** Exercise description **
Tally the lines in the entries below where the string "body" occurs. Reply with the total alone.

Segment Start: Source material

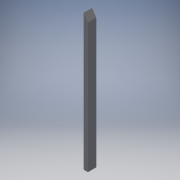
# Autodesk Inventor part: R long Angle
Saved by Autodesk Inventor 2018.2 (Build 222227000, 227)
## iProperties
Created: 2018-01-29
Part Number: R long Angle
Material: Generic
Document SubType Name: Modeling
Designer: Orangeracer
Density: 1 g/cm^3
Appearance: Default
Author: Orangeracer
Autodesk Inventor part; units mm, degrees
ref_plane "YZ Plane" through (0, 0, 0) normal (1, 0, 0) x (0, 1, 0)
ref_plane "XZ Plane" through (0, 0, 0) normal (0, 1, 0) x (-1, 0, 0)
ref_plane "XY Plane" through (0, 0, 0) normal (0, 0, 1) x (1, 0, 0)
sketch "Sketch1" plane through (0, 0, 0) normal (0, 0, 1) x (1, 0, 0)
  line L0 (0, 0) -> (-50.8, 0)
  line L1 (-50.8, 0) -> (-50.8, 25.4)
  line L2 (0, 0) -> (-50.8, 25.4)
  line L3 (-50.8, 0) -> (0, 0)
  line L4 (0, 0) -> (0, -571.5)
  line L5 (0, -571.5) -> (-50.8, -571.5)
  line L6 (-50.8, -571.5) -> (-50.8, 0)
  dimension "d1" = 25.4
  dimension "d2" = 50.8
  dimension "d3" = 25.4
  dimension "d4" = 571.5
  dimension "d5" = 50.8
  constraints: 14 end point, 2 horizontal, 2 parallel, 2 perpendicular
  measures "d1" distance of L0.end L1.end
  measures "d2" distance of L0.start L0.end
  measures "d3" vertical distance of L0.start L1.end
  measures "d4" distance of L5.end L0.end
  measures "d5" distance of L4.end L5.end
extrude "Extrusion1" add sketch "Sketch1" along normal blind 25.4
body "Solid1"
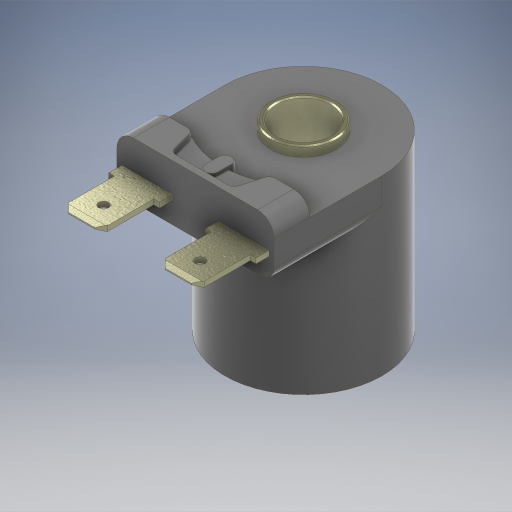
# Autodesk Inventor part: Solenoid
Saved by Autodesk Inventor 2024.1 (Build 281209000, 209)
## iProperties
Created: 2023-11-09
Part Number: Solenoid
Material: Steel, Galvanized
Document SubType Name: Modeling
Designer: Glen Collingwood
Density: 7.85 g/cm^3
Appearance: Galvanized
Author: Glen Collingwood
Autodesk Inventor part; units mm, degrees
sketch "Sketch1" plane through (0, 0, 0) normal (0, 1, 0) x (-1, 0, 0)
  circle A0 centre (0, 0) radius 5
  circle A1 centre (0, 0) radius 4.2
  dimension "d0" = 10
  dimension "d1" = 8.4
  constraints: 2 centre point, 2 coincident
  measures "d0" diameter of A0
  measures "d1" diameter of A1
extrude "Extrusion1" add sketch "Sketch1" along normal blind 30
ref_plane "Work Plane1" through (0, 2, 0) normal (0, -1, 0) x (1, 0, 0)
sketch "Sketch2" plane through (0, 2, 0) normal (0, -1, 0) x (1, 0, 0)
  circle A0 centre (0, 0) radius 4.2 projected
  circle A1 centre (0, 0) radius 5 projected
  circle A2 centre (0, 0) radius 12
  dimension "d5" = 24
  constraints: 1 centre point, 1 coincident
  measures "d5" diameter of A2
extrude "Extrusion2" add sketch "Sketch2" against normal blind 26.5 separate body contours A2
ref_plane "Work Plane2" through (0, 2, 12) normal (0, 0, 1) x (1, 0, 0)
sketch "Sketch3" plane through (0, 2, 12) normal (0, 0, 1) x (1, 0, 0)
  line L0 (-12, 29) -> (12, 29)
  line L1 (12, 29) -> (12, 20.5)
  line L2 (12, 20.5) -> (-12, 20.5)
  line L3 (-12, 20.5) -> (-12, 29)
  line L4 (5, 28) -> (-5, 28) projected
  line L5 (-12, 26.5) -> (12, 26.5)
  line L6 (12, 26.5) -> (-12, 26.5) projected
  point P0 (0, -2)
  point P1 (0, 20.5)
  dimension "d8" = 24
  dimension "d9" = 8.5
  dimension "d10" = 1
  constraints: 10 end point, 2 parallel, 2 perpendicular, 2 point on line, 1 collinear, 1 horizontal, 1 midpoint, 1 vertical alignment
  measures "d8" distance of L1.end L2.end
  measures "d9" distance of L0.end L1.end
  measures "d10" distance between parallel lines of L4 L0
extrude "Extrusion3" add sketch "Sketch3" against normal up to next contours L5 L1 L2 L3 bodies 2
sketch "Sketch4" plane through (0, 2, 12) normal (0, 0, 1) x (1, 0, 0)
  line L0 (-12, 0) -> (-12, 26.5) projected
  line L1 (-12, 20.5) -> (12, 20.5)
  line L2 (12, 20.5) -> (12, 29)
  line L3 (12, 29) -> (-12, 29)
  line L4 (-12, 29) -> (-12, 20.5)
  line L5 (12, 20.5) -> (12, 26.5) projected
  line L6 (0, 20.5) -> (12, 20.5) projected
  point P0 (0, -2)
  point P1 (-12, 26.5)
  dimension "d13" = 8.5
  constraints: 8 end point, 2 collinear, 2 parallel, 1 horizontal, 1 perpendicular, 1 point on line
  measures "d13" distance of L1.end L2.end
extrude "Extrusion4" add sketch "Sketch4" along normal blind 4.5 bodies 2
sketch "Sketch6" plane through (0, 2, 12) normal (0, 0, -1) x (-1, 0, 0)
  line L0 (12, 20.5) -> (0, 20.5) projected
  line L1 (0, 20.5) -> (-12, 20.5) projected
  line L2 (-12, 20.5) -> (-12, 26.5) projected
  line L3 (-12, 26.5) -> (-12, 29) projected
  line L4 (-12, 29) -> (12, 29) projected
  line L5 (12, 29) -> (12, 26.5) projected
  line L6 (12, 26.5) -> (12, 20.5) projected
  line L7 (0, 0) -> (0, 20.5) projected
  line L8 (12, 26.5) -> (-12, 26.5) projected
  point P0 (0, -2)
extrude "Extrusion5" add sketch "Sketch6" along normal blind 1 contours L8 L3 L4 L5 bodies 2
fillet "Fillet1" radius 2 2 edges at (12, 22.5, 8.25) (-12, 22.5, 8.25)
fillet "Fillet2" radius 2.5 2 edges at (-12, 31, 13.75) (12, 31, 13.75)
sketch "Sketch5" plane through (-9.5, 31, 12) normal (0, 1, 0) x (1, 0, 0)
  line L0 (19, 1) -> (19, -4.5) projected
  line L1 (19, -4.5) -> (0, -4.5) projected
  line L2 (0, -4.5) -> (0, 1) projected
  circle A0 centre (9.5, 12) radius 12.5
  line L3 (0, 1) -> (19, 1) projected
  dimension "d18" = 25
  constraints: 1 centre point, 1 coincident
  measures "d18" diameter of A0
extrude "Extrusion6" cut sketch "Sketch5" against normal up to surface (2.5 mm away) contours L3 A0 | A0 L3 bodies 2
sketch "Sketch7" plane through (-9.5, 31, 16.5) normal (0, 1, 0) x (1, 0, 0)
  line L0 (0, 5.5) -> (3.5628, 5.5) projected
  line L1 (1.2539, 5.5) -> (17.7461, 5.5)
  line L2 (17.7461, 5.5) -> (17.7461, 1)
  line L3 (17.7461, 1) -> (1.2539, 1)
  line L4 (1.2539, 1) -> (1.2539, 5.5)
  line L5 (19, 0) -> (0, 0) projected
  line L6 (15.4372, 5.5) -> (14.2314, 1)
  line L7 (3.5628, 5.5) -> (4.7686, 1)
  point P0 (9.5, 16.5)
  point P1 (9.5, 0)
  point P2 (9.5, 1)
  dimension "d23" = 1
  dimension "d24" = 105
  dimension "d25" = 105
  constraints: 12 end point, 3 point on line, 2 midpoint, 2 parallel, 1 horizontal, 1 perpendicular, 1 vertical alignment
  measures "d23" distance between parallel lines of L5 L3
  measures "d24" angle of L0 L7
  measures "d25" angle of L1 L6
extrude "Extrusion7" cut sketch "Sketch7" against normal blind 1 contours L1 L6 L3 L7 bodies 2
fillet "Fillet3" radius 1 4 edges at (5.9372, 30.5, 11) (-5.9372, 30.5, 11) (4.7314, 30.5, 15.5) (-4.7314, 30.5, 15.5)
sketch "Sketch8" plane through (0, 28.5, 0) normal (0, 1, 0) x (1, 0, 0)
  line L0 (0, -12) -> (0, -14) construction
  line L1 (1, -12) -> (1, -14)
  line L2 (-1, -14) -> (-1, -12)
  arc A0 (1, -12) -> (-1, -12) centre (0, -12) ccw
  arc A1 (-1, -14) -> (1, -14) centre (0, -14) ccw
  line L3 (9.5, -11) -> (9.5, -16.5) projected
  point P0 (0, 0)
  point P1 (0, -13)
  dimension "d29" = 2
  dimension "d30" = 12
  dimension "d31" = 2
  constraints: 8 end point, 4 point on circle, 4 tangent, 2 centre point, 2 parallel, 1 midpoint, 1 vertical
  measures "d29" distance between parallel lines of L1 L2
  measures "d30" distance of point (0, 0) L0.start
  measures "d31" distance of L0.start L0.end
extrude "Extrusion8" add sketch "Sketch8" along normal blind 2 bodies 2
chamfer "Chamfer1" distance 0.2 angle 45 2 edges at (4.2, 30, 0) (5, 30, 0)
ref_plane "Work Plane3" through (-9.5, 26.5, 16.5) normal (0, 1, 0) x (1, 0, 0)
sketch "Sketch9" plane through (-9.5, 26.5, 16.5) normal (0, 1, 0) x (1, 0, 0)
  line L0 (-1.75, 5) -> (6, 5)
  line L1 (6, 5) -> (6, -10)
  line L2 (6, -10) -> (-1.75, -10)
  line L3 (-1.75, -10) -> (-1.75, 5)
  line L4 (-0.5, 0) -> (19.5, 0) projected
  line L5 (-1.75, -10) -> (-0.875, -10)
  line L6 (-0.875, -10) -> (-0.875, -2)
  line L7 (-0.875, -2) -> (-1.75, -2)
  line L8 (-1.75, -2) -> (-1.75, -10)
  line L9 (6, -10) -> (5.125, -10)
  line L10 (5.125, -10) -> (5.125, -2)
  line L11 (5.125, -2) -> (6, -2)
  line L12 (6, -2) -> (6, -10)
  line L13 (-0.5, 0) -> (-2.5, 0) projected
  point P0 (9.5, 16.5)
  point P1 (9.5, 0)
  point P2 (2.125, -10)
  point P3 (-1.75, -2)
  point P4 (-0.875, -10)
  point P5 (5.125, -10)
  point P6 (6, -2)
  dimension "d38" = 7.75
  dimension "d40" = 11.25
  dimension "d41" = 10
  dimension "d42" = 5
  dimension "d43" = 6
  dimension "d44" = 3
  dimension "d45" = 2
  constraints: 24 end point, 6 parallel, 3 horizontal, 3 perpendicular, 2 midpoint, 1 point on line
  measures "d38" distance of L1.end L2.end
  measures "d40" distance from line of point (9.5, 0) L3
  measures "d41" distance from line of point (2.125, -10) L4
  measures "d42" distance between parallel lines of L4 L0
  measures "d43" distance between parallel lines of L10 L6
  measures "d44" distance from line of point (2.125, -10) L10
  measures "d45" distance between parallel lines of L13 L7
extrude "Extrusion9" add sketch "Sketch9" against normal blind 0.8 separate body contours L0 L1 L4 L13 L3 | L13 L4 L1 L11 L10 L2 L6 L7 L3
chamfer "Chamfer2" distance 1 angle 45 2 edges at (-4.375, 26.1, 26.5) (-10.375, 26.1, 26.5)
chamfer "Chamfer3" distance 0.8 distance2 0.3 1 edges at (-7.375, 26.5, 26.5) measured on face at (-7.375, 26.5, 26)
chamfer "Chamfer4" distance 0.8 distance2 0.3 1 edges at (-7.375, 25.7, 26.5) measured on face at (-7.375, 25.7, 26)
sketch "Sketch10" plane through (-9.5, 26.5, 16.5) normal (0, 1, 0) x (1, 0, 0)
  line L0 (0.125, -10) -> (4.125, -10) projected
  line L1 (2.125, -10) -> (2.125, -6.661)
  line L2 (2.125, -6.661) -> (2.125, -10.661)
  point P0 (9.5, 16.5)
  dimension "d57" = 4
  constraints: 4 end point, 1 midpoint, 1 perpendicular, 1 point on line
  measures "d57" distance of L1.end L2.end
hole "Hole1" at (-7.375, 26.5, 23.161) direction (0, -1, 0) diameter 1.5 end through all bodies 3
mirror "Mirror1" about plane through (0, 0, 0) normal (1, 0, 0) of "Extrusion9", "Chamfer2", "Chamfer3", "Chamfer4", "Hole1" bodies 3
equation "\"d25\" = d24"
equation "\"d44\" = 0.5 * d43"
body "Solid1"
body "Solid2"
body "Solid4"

Segment End: Source material

** Answer to the problem **
6